# Source material
_____

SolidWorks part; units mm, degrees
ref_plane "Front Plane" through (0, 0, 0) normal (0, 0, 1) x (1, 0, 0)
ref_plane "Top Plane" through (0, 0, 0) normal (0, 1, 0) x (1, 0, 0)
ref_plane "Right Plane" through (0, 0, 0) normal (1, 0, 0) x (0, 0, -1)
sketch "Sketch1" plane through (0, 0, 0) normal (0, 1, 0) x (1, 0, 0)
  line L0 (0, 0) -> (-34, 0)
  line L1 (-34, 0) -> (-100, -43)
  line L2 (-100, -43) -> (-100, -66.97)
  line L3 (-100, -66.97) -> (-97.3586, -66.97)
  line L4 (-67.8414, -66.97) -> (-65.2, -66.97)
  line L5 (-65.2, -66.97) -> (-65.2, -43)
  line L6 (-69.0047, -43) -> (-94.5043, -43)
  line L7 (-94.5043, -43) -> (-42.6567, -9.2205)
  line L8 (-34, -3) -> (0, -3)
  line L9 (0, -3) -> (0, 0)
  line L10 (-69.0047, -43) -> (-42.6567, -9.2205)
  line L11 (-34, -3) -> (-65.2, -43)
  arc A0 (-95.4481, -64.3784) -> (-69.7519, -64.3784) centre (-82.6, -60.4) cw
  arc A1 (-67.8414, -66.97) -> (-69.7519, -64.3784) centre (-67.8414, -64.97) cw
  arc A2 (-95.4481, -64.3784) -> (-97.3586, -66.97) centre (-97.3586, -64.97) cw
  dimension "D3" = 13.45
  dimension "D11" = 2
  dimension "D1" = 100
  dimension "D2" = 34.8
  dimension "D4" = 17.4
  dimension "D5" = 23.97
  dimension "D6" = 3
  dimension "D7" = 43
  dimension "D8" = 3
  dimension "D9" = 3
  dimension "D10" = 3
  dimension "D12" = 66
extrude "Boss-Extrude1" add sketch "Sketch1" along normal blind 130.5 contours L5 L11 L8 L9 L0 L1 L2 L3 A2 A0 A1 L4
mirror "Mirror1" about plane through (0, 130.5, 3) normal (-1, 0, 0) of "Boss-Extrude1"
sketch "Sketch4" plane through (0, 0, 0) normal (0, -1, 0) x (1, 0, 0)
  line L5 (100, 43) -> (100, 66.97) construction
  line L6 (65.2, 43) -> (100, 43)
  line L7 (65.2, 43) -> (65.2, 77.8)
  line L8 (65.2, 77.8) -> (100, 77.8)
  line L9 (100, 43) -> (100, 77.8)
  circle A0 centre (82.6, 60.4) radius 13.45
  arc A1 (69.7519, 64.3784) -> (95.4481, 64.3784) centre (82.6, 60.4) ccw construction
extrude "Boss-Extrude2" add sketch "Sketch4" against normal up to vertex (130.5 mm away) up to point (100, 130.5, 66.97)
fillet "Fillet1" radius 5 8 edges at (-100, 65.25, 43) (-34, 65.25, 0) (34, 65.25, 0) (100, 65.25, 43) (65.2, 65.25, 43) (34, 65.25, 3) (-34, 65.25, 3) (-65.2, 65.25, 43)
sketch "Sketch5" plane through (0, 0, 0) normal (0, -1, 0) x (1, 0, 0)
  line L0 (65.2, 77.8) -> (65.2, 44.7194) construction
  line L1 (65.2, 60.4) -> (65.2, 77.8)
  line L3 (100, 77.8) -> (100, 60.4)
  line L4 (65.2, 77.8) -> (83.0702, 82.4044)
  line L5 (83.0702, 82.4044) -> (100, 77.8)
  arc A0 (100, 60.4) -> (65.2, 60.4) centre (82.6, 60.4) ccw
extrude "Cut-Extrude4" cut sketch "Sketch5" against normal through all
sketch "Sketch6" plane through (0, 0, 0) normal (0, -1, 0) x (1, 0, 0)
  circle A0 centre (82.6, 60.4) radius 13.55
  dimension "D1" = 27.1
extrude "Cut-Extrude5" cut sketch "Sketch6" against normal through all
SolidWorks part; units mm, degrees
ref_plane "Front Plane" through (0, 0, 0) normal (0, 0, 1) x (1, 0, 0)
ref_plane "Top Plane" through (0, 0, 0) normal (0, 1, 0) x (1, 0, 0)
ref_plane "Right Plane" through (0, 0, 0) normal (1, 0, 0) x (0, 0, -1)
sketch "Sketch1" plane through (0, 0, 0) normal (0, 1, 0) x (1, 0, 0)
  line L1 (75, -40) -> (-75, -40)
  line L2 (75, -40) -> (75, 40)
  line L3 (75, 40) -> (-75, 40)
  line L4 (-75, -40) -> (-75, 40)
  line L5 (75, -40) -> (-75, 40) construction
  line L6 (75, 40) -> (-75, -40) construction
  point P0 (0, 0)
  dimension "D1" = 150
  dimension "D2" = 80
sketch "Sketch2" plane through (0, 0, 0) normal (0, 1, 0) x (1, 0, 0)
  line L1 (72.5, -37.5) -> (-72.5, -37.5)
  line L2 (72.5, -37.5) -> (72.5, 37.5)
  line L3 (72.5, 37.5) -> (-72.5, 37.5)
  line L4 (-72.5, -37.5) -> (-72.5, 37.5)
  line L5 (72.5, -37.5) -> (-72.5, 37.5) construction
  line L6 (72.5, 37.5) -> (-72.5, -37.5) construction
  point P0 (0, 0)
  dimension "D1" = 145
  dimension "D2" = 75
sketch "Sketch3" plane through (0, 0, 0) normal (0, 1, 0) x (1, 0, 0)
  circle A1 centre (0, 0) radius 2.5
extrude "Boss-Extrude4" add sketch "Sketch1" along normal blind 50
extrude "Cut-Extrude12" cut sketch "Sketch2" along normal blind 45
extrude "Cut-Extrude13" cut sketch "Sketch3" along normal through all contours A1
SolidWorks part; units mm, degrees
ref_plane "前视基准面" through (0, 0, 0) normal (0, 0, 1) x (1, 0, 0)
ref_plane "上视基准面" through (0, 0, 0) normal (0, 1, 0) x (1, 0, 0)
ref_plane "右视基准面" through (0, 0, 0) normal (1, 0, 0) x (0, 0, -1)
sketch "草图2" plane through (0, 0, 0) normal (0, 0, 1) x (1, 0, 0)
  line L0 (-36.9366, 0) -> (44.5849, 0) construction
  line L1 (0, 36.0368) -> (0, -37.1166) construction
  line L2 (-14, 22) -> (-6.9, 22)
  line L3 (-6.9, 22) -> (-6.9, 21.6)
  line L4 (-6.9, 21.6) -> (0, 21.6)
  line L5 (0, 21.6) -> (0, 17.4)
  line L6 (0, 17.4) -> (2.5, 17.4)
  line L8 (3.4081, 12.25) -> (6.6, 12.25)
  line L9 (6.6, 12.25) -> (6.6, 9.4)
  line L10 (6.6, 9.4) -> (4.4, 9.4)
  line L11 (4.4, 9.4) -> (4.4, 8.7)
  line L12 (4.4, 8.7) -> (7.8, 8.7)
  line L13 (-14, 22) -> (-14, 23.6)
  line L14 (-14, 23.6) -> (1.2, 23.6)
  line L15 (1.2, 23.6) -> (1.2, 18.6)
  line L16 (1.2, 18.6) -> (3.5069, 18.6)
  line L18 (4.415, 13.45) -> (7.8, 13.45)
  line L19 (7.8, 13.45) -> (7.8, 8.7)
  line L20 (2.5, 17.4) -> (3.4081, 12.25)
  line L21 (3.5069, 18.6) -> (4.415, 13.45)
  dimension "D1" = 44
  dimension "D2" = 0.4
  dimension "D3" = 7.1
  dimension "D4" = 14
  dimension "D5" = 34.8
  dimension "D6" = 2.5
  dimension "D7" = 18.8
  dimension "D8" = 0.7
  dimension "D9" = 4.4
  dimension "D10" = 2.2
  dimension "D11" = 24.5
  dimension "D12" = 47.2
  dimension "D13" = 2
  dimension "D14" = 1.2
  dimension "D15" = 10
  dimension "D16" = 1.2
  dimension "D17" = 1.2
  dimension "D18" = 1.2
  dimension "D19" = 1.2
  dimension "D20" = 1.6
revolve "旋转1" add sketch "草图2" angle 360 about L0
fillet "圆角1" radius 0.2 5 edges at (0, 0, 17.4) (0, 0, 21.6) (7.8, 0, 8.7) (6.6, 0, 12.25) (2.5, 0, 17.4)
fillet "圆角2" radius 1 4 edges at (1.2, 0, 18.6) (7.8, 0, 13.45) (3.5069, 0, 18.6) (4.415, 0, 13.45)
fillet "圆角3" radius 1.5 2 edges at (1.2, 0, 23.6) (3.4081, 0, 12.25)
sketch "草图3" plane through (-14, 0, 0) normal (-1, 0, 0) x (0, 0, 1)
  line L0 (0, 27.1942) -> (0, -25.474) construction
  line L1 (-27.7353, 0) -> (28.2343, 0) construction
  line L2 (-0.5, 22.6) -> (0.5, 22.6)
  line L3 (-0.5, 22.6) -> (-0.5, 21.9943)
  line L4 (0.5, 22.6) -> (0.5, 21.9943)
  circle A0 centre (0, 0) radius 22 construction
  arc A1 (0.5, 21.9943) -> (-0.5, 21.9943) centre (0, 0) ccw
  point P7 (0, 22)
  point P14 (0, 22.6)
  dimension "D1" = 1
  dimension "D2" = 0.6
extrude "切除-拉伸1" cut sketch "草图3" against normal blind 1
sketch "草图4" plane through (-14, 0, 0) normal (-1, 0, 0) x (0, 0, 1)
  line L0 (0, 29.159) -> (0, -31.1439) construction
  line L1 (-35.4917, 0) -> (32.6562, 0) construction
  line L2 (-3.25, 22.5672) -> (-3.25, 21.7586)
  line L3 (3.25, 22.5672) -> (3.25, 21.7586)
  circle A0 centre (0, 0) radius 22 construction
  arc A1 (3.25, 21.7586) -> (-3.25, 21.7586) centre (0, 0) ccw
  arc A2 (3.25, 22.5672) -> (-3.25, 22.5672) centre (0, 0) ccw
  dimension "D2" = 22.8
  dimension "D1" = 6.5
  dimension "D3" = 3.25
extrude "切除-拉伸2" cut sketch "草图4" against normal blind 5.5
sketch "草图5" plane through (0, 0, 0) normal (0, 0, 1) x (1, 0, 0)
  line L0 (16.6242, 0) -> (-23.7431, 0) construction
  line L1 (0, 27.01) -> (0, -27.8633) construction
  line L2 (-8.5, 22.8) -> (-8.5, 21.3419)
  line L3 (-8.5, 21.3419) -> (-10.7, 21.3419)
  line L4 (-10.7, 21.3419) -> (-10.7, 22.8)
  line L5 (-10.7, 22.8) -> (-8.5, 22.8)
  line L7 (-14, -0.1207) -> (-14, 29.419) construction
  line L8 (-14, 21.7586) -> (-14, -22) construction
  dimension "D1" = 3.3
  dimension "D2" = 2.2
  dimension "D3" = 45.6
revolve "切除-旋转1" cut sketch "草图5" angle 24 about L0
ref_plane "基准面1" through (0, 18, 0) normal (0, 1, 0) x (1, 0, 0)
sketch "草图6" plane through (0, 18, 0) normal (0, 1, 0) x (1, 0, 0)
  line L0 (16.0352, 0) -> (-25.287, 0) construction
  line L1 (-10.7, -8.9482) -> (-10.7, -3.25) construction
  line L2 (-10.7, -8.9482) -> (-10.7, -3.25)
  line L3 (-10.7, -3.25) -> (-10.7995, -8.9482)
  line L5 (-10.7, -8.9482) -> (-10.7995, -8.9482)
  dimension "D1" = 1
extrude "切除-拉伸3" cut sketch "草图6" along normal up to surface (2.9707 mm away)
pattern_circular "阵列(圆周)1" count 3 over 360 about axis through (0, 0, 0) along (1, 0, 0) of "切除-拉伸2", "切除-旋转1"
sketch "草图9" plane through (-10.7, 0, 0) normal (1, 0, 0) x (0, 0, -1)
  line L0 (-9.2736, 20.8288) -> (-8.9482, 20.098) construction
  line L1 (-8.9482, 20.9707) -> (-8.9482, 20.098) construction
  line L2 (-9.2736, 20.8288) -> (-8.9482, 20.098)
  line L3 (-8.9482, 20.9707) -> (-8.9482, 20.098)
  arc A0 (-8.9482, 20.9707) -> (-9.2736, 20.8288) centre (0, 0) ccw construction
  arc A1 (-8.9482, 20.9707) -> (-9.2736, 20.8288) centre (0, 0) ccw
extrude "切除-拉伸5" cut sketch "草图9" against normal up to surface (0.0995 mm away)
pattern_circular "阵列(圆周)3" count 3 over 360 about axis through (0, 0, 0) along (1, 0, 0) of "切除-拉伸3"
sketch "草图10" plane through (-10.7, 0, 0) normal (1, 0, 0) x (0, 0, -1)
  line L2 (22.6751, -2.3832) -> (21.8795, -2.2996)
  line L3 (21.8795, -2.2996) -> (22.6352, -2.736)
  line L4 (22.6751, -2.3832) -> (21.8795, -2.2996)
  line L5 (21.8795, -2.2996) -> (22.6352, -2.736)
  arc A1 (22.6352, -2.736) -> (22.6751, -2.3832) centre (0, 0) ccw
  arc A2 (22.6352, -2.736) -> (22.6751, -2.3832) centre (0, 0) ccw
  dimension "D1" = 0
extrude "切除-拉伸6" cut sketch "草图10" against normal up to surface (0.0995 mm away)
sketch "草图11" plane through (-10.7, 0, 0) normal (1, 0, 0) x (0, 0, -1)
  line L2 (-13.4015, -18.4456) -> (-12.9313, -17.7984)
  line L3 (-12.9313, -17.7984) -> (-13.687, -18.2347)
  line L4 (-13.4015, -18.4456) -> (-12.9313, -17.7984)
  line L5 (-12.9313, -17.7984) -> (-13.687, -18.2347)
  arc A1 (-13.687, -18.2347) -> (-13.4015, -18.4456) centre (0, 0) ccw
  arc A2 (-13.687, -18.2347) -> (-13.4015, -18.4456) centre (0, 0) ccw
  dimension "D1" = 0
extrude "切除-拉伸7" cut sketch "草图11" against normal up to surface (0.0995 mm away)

_____

# Work to be completed
Write only the number of lines in the data above that include "against".

# Exercise solution
8